Até  fez uma pedra dar flor!

A mãe reparava o menino com ternura.

(in Exercícios de ser criança – Manoel de Barros)

 030---leitura

Tem coisas na memória da gente que ficam obscuras e, de repente, como se algum botão tivesse sido acionado, reaparecem, não sei se isso acontece com todo mundo, mas comigo acontece.

Ocorre que um dia desses recuperei uma informação da minha infância que há muito não lembrava: eu era uma criança muito mentirosa. Explico: era uma inventadora de histórias, mas como não enxergava a linha que separa imaginação de realidade, misturava as duas coisas. Tinha dúzias de amigos imaginários e escolhia casas da redondeza nas quais eles moravam, nas imediações da Silva Jardim, onde eu também morava. Eram todos meus vizinhos. Tínhamos muitas conversas, aventuras e até brigas. Comprava, quando Mãe me dava dinheiro, uma caixa de quindins, na Só Quindins, com doze sempre, para poder “distribuir” a eles. Sendo eles imaginários, no fim, comia tudo.

Tinha sempre muitas histórias nossas a contar e Mãe ouvia todas, enquanto costurava, cozinhava ou tentava ver televisão. Nunca disse nem que sim e nem que não. Não fui a psicólogo, não havia na época nenhuma síndrome catalogada do tipo “mentirite crônica”. Mãe, que já havia criado sete, achava normal, eu penso. Lendo Synthomas de Poesia na Infância, de Glória Kirinus, pude diagnosticar, finalmente, os meus “problemas”: delírio verbal, devaneio crônico, isolamento fabuloso, catapora inventiva. Sinto de nunca ter tido rimite aguda.

Fui para escola aos seis anos e Mãe me deu muitas instruções, me preparou para ser aluna, uma delas foi “Filha, não fica contando dos seus amigos na escola, quando você chegar em casa, conta”. Mãe, que quase não foi para a escola, sabia que a escola não lidava bem com invencionices e com crianças diferentes. Tinha que prestar atenção, ficar quietinha, obedecer e fazer tudo o que a professora mandava.  Combinados feitos, fui uma aluna muito ajustada, pintava os caules das flores de marrom, as folhas de verde e as flores de vermelho, como a professora queria. Boa menina.

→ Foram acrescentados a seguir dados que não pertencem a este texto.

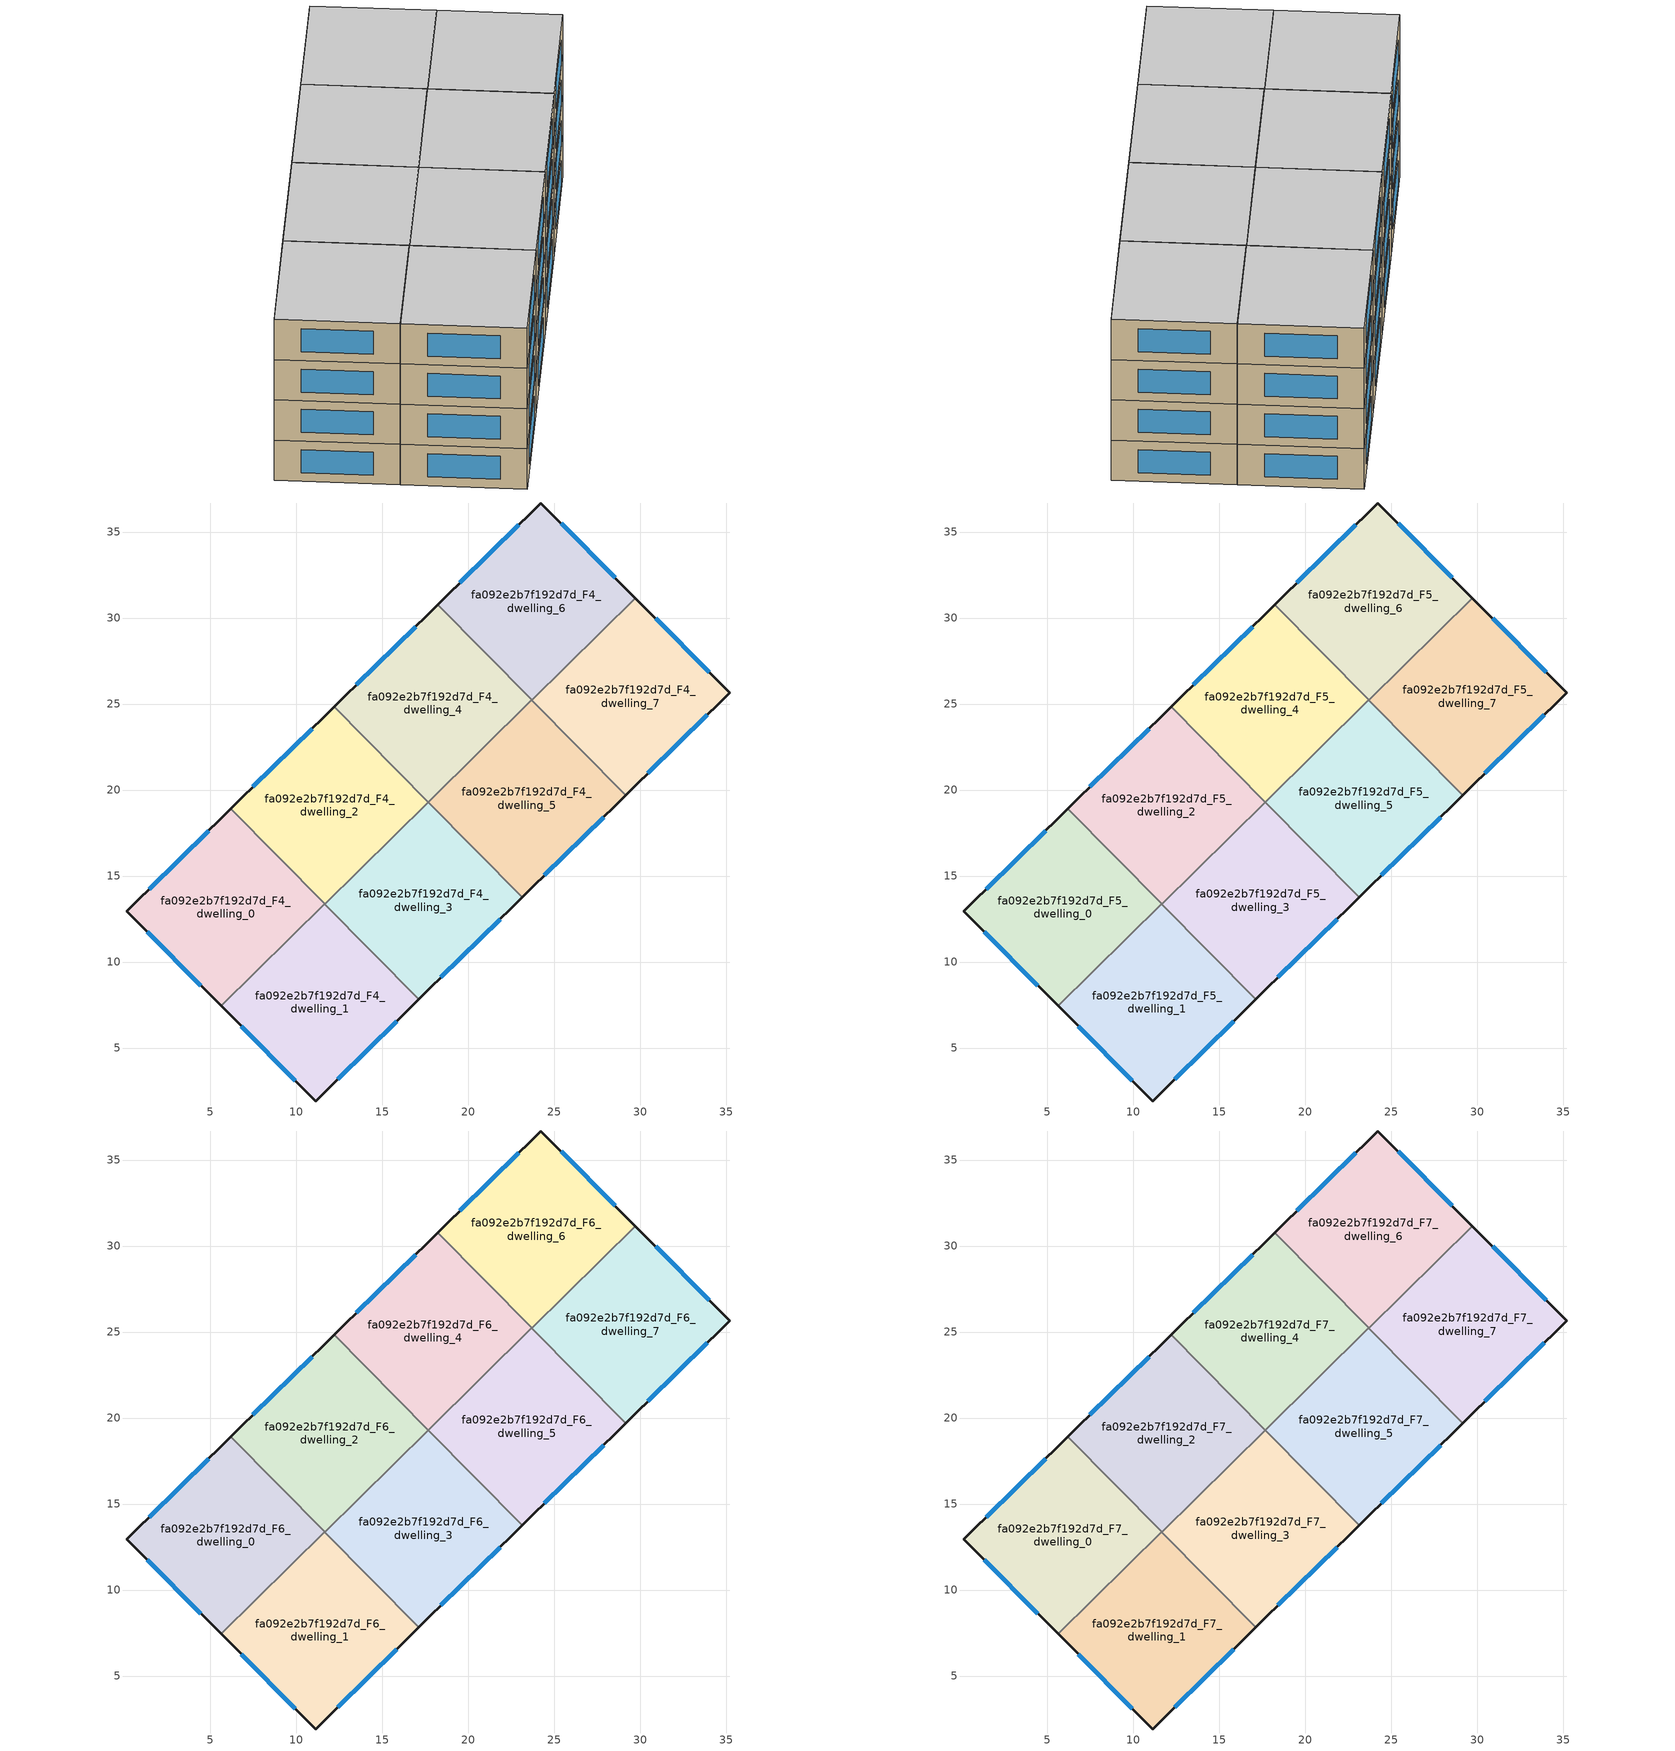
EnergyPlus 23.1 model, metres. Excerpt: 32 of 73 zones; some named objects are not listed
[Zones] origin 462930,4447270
fa092e2b7f192d7d_F4_dwelling_0
 floor to fa092e2b7f192d7d_F3_dwelling_0 (EU_floor_Construction): 6.19,18.91 11.65,13.38 5.63,7.45 0.16,12.95 z12
 wall outside (EU_wall_Construction): 6.19,18.91 0.16,12.95 5.63,7.45 z12:15
 wall to fa092e2b7f192d7d_F4_dwelling_1 (EU_wall_Construction): 5.63,7.45 11.65,13.38 z12:15
 wall to fa092e2b7f192d7d_F4_dwelling_2 (EU_wall_Construction): 11.65,13.38 6.19,18.91 z12:15
 window (EU_Window_Construction): 1.33,11.77 4.46,8.63 / 4.9,17.63 1.45,14.23 z12.64:14.36
fa092e2b7f192d7d_F4_dwelling_1
 floor to fa092e2b7f192d7d_F3_dwelling_1 (EU_floor_Construction): 11.65,13.38 17.12,7.83 11.13,1.92 5.63,7.45 z12
 wall outside (EU_wall_Construction): 5.63,7.45 11.13,1.92 17.12,7.83 z12:15
 wall to fa092e2b7f192d7d_F4_dwelling_3 (EU_wall_Construction): 17.12,7.83 11.66,13.37 z12:15
 wall to fa092e2b7f192d7d_F4_dwelling_2 (EU_wall_Construction): 11.66,13.37 11.65,13.38 z12:15
 window (EU_Window_Construction): 6.81,6.27 9.95,3.11 / 12.41,3.19 15.84,6.57 z12.64:14.36
fa092e2b7f192d7d_F4_dwelling_2
 floor to fa092e2b7f192d7d_F3_dwelling_2 (EU_floor_Construction): 12.21,24.84 17.67,19.3 11.66,13.37 6.19,18.91 z12
 wall outside (EU_wall_Construction): 12.21,24.84 6.19,18.91 z12:15
 wall to fa092e2b7f192d7d_F4_dwelling_4 (EU_wall_Construction): 17.67,19.3 12.21,24.84 z12:15
 wall to fa092e2b7f192d7d_F4_dwelling_3 (EU_wall_Construction): 11.66,13.37 17.67,19.3 z12:15
 window (EU_Window_Construction): 10.92,23.57 7.48,20.18 z12.64:14.36
fa092e2b7f192d7d_F4_dwelling_3
 floor to fa092e2b7f192d7d_F3_dwelling_3 (EU_floor_Construction): 17.67,19.3 23.13,13.77 17.12,7.83 11.66,13.37 z12
 wall outside (EU_wall_Construction): 17.12,7.83 23.13,13.77 z12:15
 wall to fa092e2b7f192d7d_F4_dwelling_5 (EU_wall_Construction): 23.13,13.77 17.67,19.3 z12:15
 window (EU_Window_Construction): 18.41,9.11 21.85,12.5 z12.64:14.36
fa092e2b7f192d7d_F4_dwelling_4
 floor to fa092e2b7f192d7d_F3_dwelling_4 (EU_floor_Construction): 18.22,30.78 23.69,25.24 17.67,19.3 12.21,24.84 z12
 wall outside (EU_wall_Construction): 18.22,30.78 12.21,24.84 z12:15
 wall to fa092e2b7f192d7d_F4_dwelling_5 (EU_wall_Construction): 17.67,19.3 23.69,25.24 z12:15
 wall to fa092e2b7f192d7d_F4_dwelling_6 (EU_wall_Construction): 23.69,25.24 18.22,30.78 z12:15
 window (EU_Window_Construction): 16.93,29.51 13.5,26.12 z12.64:14.36
fa092e2b7f192d7d_F4_dwelling_5
 floor to fa092e2b7f192d7d_F3_dwelling_5 (EU_floor_Construction): 23.69,25.24 29.15,19.7 23.13,13.77 17.67,19.3 z12
 wall outside (EU_wall_Construction): 23.13,13.77 29.15,19.7 z12:15
 wall to fa092e2b7f192d7d_F4_dwelling_7 (EU_wall_Construction): 29.15,19.7 23.7,25.23 z12:15
 wall to fa092e2b7f192d7d_F4_dwelling_6 (EU_wall_Construction): 23.7,25.23 23.69,25.24 z12:15
 window (EU_Window_Construction): 24.42,15.04 27.86,18.43 z12.64:14.36
fa092e2b7f192d7d_F4_dwelling_6
 floor to fa092e2b7f192d7d_F3_dwelling_6 (EU_floor_Construction): 24.21,36.69 29.71,31.16 23.7,25.23 18.22,30.78 z12
 wall outside (EU_wall_Construction): 29.71,31.16 24.21,36.69 18.22,30.78 z12:15
 wall to fa092e2b7f192d7d_F4_dwelling_7 (EU_wall_Construction): 23.7,25.23 29.71,31.16 z12:15
 window (EU_Window_Construction): 28.53,32.35 25.39,35.51 / 22.93,35.42 19.51,32.04 z12.64:14.36
fa092e2b7f192d7d_F4_dwelling_7
 floor to fa092e2b7f192d7d_F3_dwelling_7 (EU_floor_Construction): 29.71,31.16 35.19,25.66 29.15,19.7 23.7,25.23 z12
 wall outside (EU_wall_Construction): 29.15,19.7 35.19,25.66 29.71,31.16 z12:15
 window (EU_Window_Construction): 34.01,26.84 30.88,29.98 / 30.44,20.98 33.89,24.38 z12.64:14.36
fa092e2b7f192d7d_F5_dwelling_0
 floor to fa092e2b7f192d7d_F4_dwelling_0 (EU_floor_Construction): 6.19,18.91 11.65,13.38 5.63,7.45 0.16,12.95 z15
 wall outside (EU_wall_Construction): 6.19,18.91 0.16,12.95 5.63,7.45 z15:18
 wall to fa092e2b7f192d7d_F5_dwelling_1 (EU_wall_Construction): 5.63,7.45 11.65,13.38 z15:18
 wall to fa092e2b7f192d7d_F5_dwelling_2 (EU_wall_Construction): 11.65,13.38 6.19,18.91 z15:18
 window (EU_Window_Construction): 1.33,11.77 4.46,8.63 / 4.9,17.63 1.45,14.23 z15.64:17.36
fa092e2b7f192d7d_F5_dwelling_1
 floor to fa092e2b7f192d7d_F4_dwelling_1 (EU_floor_Construction): 11.65,13.38 17.12,7.83 11.13,1.92 5.63,7.45 z15
 wall outside (EU_wall_Construction): 5.63,7.45 11.13,1.92 17.12,7.83 z15:18
 wall to fa092e2b7f192d7d_F5_dwelling_3 (EU_wall_Construction): 17.12,7.83 11.66,13.37 z15:18
 wall to fa092e2b7f192d7d_F5_dwelling_2 (EU_wall_Construction): 11.66,13.37 11.65,13.38 z15:18
 window (EU_Window_Construction): 6.81,6.27 9.95,3.11 / 12.41,3.19 15.84,6.57 z15.64:17.36
fa092e2b7f192d7d_F5_dwelling_2
 floor to fa092e2b7f192d7d_F4_dwelling_2 (EU_floor_Construction): 12.21,24.84 17.67,19.3 11.66,13.37 6.19,18.91 z15
 wall outside (EU_wall_Construction): 12.21,24.84 6.19,18.91 z15:18
 wall to fa092e2b7f192d7d_F5_dwelling_4 (EU_wall_Construction): 17.67,19.3 12.21,24.84 z15:18
 wall to fa092e2b7f192d7d_F5_dwelling_3 (EU_wall_Construction): 11.66,13.37 17.67,19.3 z15:18
 window (EU_Window_Construction): 10.92,23.57 7.48,20.18 z15.64:17.36
fa092e2b7f192d7d_F5_dwelling_3
 floor to fa092e2b7f192d7d_F4_dwelling_3 (EU_floor_Construction): 17.67,19.3 23.13,13.77 17.12,7.83 11.66,13.37 z15
 wall outside (EU_wall_Construction): 17.12,7.83 23.13,13.77 z15:18
 wall to fa092e2b7f192d7d_F5_dwelling_5 (EU_wall_Construction): 23.13,13.77 17.67,19.3 z15:18
 window (EU_Window_Construction): 18.41,9.11 21.85,12.5 z15.64:17.36
fa092e2b7f192d7d_F5_dwelling_4
 floor to fa092e2b7f192d7d_F4_dwelling_4 (EU_floor_Construction): 18.22,30.78 23.69,25.24 17.67,19.3 12.21,24.84 z15
 wall outside (EU_wall_Construction): 18.22,30.78 12.21,24.84 z15:18
 wall to fa092e2b7f192d7d_F5_dwelling_5 (EU_wall_Construction): 17.67,19.3 23.69,25.24 z15:18
 wall to fa092e2b7f192d7d_F5_dwelling_6 (EU_wall_Construction): 23.69,25.24 18.22,30.78 z15:18
 window (EU_Window_Construction): 16.93,29.51 13.5,26.12 z15.64:17.36
fa092e2b7f192d7d_F5_dwelling_5
 floor to fa092e2b7f192d7d_F4_dwelling_5 (EU_floor_Construction): 23.69,25.24 29.15,19.7 23.13,13.77 17.67,19.3 z15
 wall outside (EU_wall_Construction): 23.13,13.77 29.15,19.7 z15:18
 wall to fa092e2b7f192d7d_F5_dwelling_7 (EU_wall_Construction): 29.15,19.7 23.7,25.23 z15:18
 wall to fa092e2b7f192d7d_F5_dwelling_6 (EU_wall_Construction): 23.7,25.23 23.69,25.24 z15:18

Continuei inventando, aprendi a ler, quanto mais lia, menos inventava. Não porque a leitura estivesse me sufocando, mas estava me preenchendo, satisfazendo meu desejo de ficção. Os amigos imaginários, com nome, sobrenome e endereço fixo perderam espaço, ocupado então por personagens e enredos. A leitura me curou.